Unfortunately, in response to Murray's article, one of the folks at the Lefty blog Pandagon goes on a rant about how Murray's diagnosis and solution just reinforce the notion that he is a racist whose sole aim is to privatize education in order to prevent minorities from receiving government grants and loans for the education. Alas, in obsessing over attacking the caricature of Murray, the Pandagon blogger misses how the first part of Murray's argument, pertaining to the lack of value in a college education, accords shockingly well with modern liberal criticisms of corporate America, racism, and classism. As a result, I wrote:

"Murray gets the diagnosis right, but his proposal is far from an improvement. I'm not going to rehash all the problems with his proposal which have been made above, which amount to pointing out the inherent bias in any certification/licensing scheme (something which most libertarians find far worse than employer emphases on BA's).

But on the issue of the value of college, I think he is right in principle, though perhaps wrong in application.

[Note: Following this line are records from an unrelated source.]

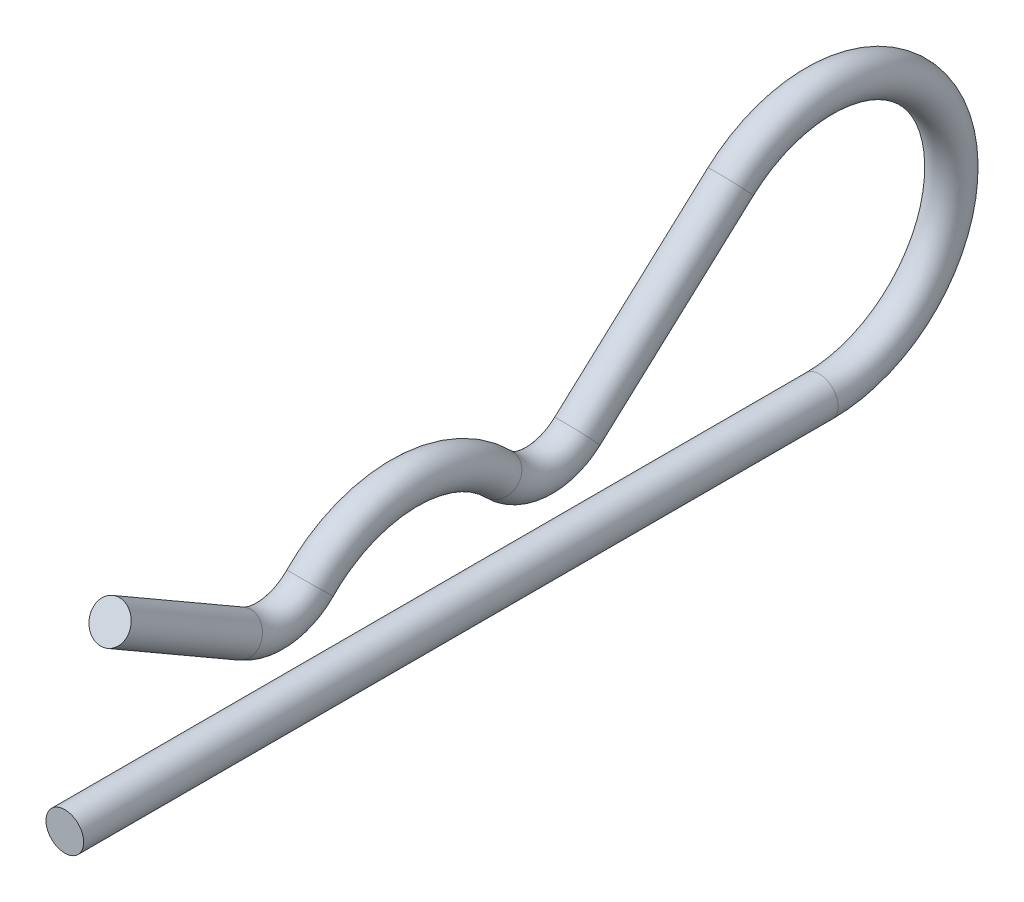
ISO-10303-21;
HEADER;
FILE_DESCRIPTION(('STEP AP214'),'2;1');
FILE_NAME('part.step','',(''),(''),'','','');
FILE_SCHEMA(('AUTOMOTIVE_DESIGN { 1 0 10303 214 1 1 1 1 }'));
ENDSEC;
DATA;
#1=APPLICATION_CONTEXT('core data for automotive mechanical design processes');
#2=APPLICATION_PROTOCOL_DEFINITION('international standard','automotive_design',2000,#1);
#3=PRODUCT_CONTEXT('',#1,'mechanical');
#4=PRODUCT('Part','Part','',(#3));
#5=PRODUCT_RELATED_PRODUCT_CATEGORY('part','',(#4));
#6=PRODUCT_DEFINITION_FORMATION('','',#4);
#7=PRODUCT_DEFINITION_CONTEXT('part definition',#1,'design');
#8=PRODUCT_DEFINITION('design','',#6,#7);
#9=PRODUCT_DEFINITION_SHAPE('','',#8);
#10=(LENGTH_UNIT() NAMED_UNIT(*) SI_UNIT(.MILLI.,.METRE.));
#11=(NAMED_UNIT(*) PLANE_ANGLE_UNIT() SI_UNIT($,.RADIAN.));
#12=(NAMED_UNIT(*) SI_UNIT($,.STERADIAN.) SOLID_ANGLE_UNIT());
#13=UNCERTAINTY_MEASURE_WITH_UNIT(LENGTH_MEASURE(1.E-05),#10,'distance_accuracy_value','');
#14=(GEOMETRIC_REPRESENTATION_CONTEXT(3) GLOBAL_UNCERTAINTY_ASSIGNED_CONTEXT((#13)) GLOBAL_UNIT_ASSIGNED_CONTEXT((#10,
#11,#12)) REPRESENTATION_CONTEXT('',''));
#15=CARTESIAN_POINT('',(0.,0.,0.));
#16=DIRECTION('',(0.,0.,1.));
#17=DIRECTION('',(1.,0.,0.));
#18=AXIS2_PLACEMENT_3D('',#15,#16,#17);
#19=CARTESIAN_POINT('',(0.,0.,36.));
#20=DIRECTION('',(0.,0.,1.));
#21=DIRECTION('',(1.,0.,0.));
#22=AXIS2_PLACEMENT_3D('',#19,#20,#21);
#23=PLANE('',#22);
#24=CARTESIAN_POINT('',(0.,0.,36.));
#25=DIRECTION('',(0.,0.,1.));
#26=DIRECTION('',(1.,0.,0.));
#27=AXIS2_PLACEMENT_3D('',#24,#25,#26);
#28=CIRCLE('',#27,1.5);
#29=CARTESIAN_POINT('',(1.5,0.,36.));
#30=VERTEX_POINT('',#29);
#31=EDGE_CURVE('E47',#30,#30,#28,.T.);
#32=ORIENTED_EDGE('',*,*,#31,.T.);
#33=EDGE_LOOP('',(#32));
#34=FACE_BOUND('',#33,.T.);
#35=ADVANCED_FACE('F35',(#34),#23,.T.);
#36=CARTESIAN_POINT('',(0.,12.629185437904,32.4));
#37=DIRECTION('',(0.,-0.499999999999991,-0.866025403784444));
#38=DIRECTION('',(1.,0.,0.));
#39=AXIS2_PLACEMENT_3D('',#36,#37,#38);
#40=PLANE('',#39);
#41=CARTESIAN_POINT('',(0.,12.629185437904,32.4));
#42=DIRECTION('',(0.,-0.499999999999991,-0.866025403784444));
#43=DIRECTION('',(1.,0.,0.));
#44=AXIS2_PLACEMENT_3D('',#41,#42,#43);
#45=CIRCLE('',#44,1.5);
#46=CARTESIAN_POINT('',(1.5,12.629185437904,32.4));
#47=VERTEX_POINT('',#46);
#48=EDGE_CURVE('E11',#47,#47,#45,.T.);
#49=ORIENTED_EDGE('',*,*,#48,.F.);
#50=EDGE_LOOP('',(#49));
#51=FACE_BOUND('',#50,.T.);
#52=ADVANCED_FACE('F53',(#51),#40,.F.);
#53=CARTESIAN_POINT('',(0.,0.,36.));
#54=DIRECTION('',(0.,0.,-1.));
#55=DIRECTION('',(0.,1.,0.));
#56=AXIS2_PLACEMENT_3D('',#53,#54,#55);
#57=CYLINDRICAL_SURFACE('',#56,1.5);
#58=CARTESIAN_POINT('',(0.,0.,-24.));
#59=DIRECTION('',(0.,0.,1.));
#60=DIRECTION('',(1.,0.,0.));
#61=AXIS2_PLACEMENT_3D('',#58,#59,#60);
#62=CIRCLE('',#61,1.5);
#63=CARTESIAN_POINT('',(0.,-1.50000000000004,-24.));
#64=VERTEX_POINT('',#63);
#65=EDGE_CURVE('E95',#64,#64,#62,.T.);
#66=ORIENTED_EDGE('',*,*,#65,.T.);
#67=EDGE_LOOP('',(#66));
#68=FACE_BOUND('',#67,.T.);
#69=ORIENTED_EDGE('',*,*,#31,.F.);
#70=EDGE_LOOP('',(#69));
#71=FACE_BOUND('',#70,.T.);
#72=ADVANCED_FACE('F55',(#68,#71),#57,.T.);
#73=CARTESIAN_POINT('',(0.,10.5,-24.));
#74=DIRECTION('',(1.,0.,0.));
#75=DIRECTION('',(0.,0.,-1.));
#76=AXIS2_PLACEMENT_3D('',#73,#74,#75);
#77=TOROIDAL_SURFACE('',#76,10.5,1.5);
#78=CARTESIAN_POINT('',(0.,18.2661294554401,-16.9333718591293));
#79=DIRECTION('',(0.,0.673012203892445,-0.739631376708583));
#80=DIRECTION('',(1.,0.,0.));
#81=AXIS2_PLACEMENT_3D('',#78,#79,#80);
#82=CIRCLE('',#81,1.5);
#83=CARTESIAN_POINT('',(0.,19.375576520503,-15.9238535532907));
#84=VERTEX_POINT('',#83);
#85=EDGE_CURVE('E92',#84,#84,#82,.T.);
#86=CARTESIAN_POINT('',(0.,10.5,-24.));
#87=DIRECTION('',(1.,0.,0.));
#88=DIRECTION('',(0.,0.,-1.));
#89=AXIS2_PLACEMENT_3D('',#86,#87,#88);
#90=CIRCLE('',#89,12.);
#91=EDGE_CURVE('',#64,#84,#90,.T.);
#92=ORIENTED_EDGE('',*,*,#65,.F.);
#93=ORIENTED_EDGE('',*,*,#85,.T.);
#94=ORIENTED_EDGE('',*,*,#91,.T.);
#95=ORIENTED_EDGE('',*,*,#91,.F.);
#96=EDGE_LOOP('',(#92,#94,#93,#95));
#97=FACE_BOUND('',#96,.T.);
#98=ADVANCED_FACE('F60',(#97),#77,.T.);
#99=CARTESIAN_POINT('',(0.,18.2661294554401,-16.9333718591293));
#100=DIRECTION('',(0.,-0.673012203892444,0.739631376708584));
#101=DIRECTION('',(0.,-0.739631376708584,-0.673012203892445));
#102=AXIS2_PLACEMENT_3D('',#99,#100,#101);
#103=CYLINDRICAL_SURFACE('',#102,1.5);
#104=CARTESIAN_POINT('',(0.,7.17165880481137,-4.74069756033028));
#105=DIRECTION('',(0.,0.673012203892444,-0.739631376708584));
#106=DIRECTION('',(1.,0.,0.));
#107=AXIS2_PLACEMENT_3D('',#104,#105,#106);
#108=CIRCLE('',#107,1.5);
#109=CARTESIAN_POINT('',(0.,6.06221173974851,-5.75021586616894));
#110=VERTEX_POINT('',#109);
#111=EDGE_CURVE('E97',#110,#110,#108,.T.);
#112=ORIENTED_EDGE('',*,*,#111,.T.);
#113=EDGE_LOOP('',(#112));
#114=FACE_BOUND('',#113,.T.);
#115=ORIENTED_EDGE('',*,*,#85,.F.);
#116=EDGE_LOOP('',(#115));
#117=FACE_BOUND('',#116,.T.);
#118=ADVANCED_FACE('F80',(#114,#117),#103,.T.);
#119=CARTESIAN_POINT('',(0.,10.5,-1.71214264281428));
#120=DIRECTION('',(-1.,0.,0.));
#121=DIRECTION('',(0.,0.,1.));
#122=AXIS2_PLACEMENT_3D('',#119,#120,#121);
#123=TOROIDAL_SURFACE('',#122,4.49999999999999,1.5);
#124=CARTESIAN_POINT('',(0.,7.35,1.50150015003));
#125=DIRECTION('',(0.,-0.714142842854285,-0.7));
#126=DIRECTION('',(1.,0.,0.));
#127=AXIS2_PLACEMENT_3D('',#124,#125,#126);
#128=CIRCLE('',#127,1.5);
#129=CARTESIAN_POINT('',(0.,6.3,2.57271441431143));
#130=VERTEX_POINT('',#129);
#131=EDGE_CURVE('E103',#130,#130,#128,.T.);
#132=CARTESIAN_POINT('',(0.,10.5,-1.71214264281428));
#133=DIRECTION('',(-1.,0.,0.));
#134=DIRECTION('',(0.,0.,1.));
#135=AXIS2_PLACEMENT_3D('',#132,#133,#134);
#136=CIRCLE('',#135,5.99999999999999);
#137=EDGE_CURVE('',#110,#130,#136,.T.);
#138=ORIENTED_EDGE('',*,*,#111,.F.);
#139=ORIENTED_EDGE('',*,*,#131,.T.);
#140=ORIENTED_EDGE('',*,*,#137,.T.);
#141=ORIENTED_EDGE('',*,*,#137,.F.);
#142=EDGE_LOOP('',(#138,#140,#139,#141));
#143=FACE_BOUND('',#142,.T.);
#144=ADVANCED_FACE('F76',(#143),#123,.T.);
#145=CARTESIAN_POINT('',(0.,0.,9.));
#146=DIRECTION('',(1.,0.,0.));
#147=DIRECTION('',(0.,0.,-1.));
#148=AXIS2_PLACEMENT_3D('',#145,#146,#147);
#149=TOROIDAL_SURFACE('',#148,10.5,1.5);
#150=CARTESIAN_POINT('',(0.,7.35,16.49849984997));
#151=DIRECTION('',(0.,0.714142842854285,-0.7));
#152=DIRECTION('',(1.,0.,0.));
#153=AXIS2_PLACEMENT_3D('',#150,#151,#152);
#154=CIRCLE('',#153,1.5);
#155=CARTESIAN_POINT('',(0.,6.29999999999999,15.4272855856886));
#156=VERTEX_POINT('',#155);
#157=EDGE_CURVE('E106',#156,#156,#154,.T.);
#158=ORIENTED_EDGE('',*,*,#157,.T.);
#159=EDGE_LOOP('',(#158));
#160=FACE_BOUND('',#159,.T.);
#161=ORIENTED_EDGE('',*,*,#131,.F.);
#162=EDGE_LOOP('',(#161));
#163=FACE_BOUND('',#162,.T.);
#164=ADVANCED_FACE('F70',(#160,#163),#149,.T.);
#165=CARTESIAN_POINT('',(0.,10.5,19.7121426428143));
#166=DIRECTION('',(-1.,0.,0.));
#167=DIRECTION('',(0.,0.,1.));
#168=AXIS2_PLACEMENT_3D('',#165,#166,#167);
#169=TOROIDAL_SURFACE('',#168,4.5,1.5);
#170=CARTESIAN_POINT('',(0.,6.60288568297,21.9621426428142));
#171=DIRECTION('',(0.,-0.49999999999999,-0.866025403784445));
#172=DIRECTION('',(1.,0.,0.));
#173=AXIS2_PLACEMENT_3D('',#170,#171,#172);
#174=CIRCLE('',#173,1.5);
#175=CARTESIAN_POINT('',(0.,5.30384757729333,22.7121426428142));
#176=VERTEX_POINT('',#175);
#177=EDGE_CURVE('E42',#176,#176,#174,.T.);
#178=CARTESIAN_POINT('',(0.,10.5,19.7121426428143));
#179=DIRECTION('',(-1.,0.,0.));
#180=DIRECTION('',(0.,0.,1.));
#181=AXIS2_PLACEMENT_3D('',#178,#179,#180);
#182=CIRCLE('',#181,6.);
#183=EDGE_CURVE('',#156,#176,#182,.T.);
#184=ORIENTED_EDGE('',*,*,#157,.F.);
#185=ORIENTED_EDGE('',*,*,#177,.T.);
#186=ORIENTED_EDGE('',*,*,#183,.T.);
#187=ORIENTED_EDGE('',*,*,#183,.F.);
#188=EDGE_LOOP('',(#184,#186,#185,#187));
#189=FACE_BOUND('',#188,.T.);
#190=ADVANCED_FACE('F66',(#189),#169,.T.);
#191=CARTESIAN_POINT('',(0.,6.60288568297,21.9621426428142));
#192=DIRECTION('',(0.,0.499999999999991,0.866025403784444));
#193=DIRECTION('',(0.,-0.866025403784444,0.499999999999991));
#194=AXIS2_PLACEMENT_3D('',#191,#192,#193);
#195=CYLINDRICAL_SURFACE('',#194,1.5);
#196=ORIENTED_EDGE('',*,*,#48,.T.);
#197=EDGE_LOOP('',(#196));
#198=FACE_BOUND('',#197,.T.);
#199=ORIENTED_EDGE('',*,*,#177,.F.);
#200=EDGE_LOOP('',(#199));
#201=FACE_BOUND('',#200,.T.);
#202=ADVANCED_FACE('F50',(#198,#201),#195,.T.);
#203=CLOSED_SHELL('',(#35,#52,#72,#98,#118,#144,#164,#190,#202));
#204=MANIFOLD_SOLID_BREP('B2',#203);
#205=ADVANCED_BREP_SHAPE_REPRESENTATION('',(#18,#204),#14);
#206=SHAPE_DEFINITION_REPRESENTATION(#9,#205);
ENDSEC;
END-ISO-10303-21;

The problem is that for the vast majority of people college does little to enhance their career prospects and, for that matter, does little to teach them "how to think." Obviously, people who major or minor in the liberal arts (including the "hard" sciences) learn plenty about how to think critically, but four years of learning how to do so is overkill for most people (hence the reason most people don't
major in the liberal arts). Moreover, as I said, most people do not major or minor in the liberal arts but instead major in more "practical" things - majors that largely didn't exist until relatively recently. This is not good - at best people in these majors learn a percentage of what they would learn by gaining four years of experience in their preferred field. To the extent they do learn some of what they otherwise would have, they are paying a huge amount for it. And guess what? Their future employer gets to reap the benefits without having to pay a red cent, since there is virtually no
premium paid for the college-educated employee in these fields. Indeed, the employer actually gets to save the salary they would have paid the prospective employee to provide the employee with training - in this way, college in these fields amounts to employee-subsidized training. There's probably no better way to demonstrate this fact than to point out that [according to liberal critics] real wages have effectively stagnated during a period where the percentage of people with college degrees has exploded. Frankly, this makes sense as well - as an employer, would you really be willing to pay more money to someone fresh out of college, with no "real world" track record, than you would to someone with four to six years experience who is demonstrably reliable? Probably not.

Put another way - the current assumption that everyone should have a college degree is an assumption that (1) almost entirely benefits employers, who receive any benefits of the employee's education free of charge, and (2) places extreme financial burdens on future employees in pursuit of obtaining unnecessary qualifications. To be sure, there are still some professions where a liberal arts degree provides a significant benefit (law and research science, for example), and certainly a liberal arts education can be marginally useful in creating a more critical citizenry. But for the vast majority of people, the assumption that they need to incur tens of thousands of dollars in debt while forgoing any meaningful income for four to six years is an assumption that provides little benefit in exchange for tremendous cost.



As I indicated at the top of this post, a critique of our social emphasis on higher education is a critique that can closely agree with many standard liberal critiques of capitalism. To the extent that Progressives/modern liberals seek to defend the assumption that higher education is inherently a desirable thing, the effect of doing so is to defend a state in which employers (aka, "corporate America") receive benefits at no cost to them, but at great cost to the employee. Of course, many Progressives would respond by arguing that costs of higher education should be borne by expanding grant programs and the like. But all that does is shift the costs from the individual student to taxpayers as a whole - "corporate America" still gets its subsidy.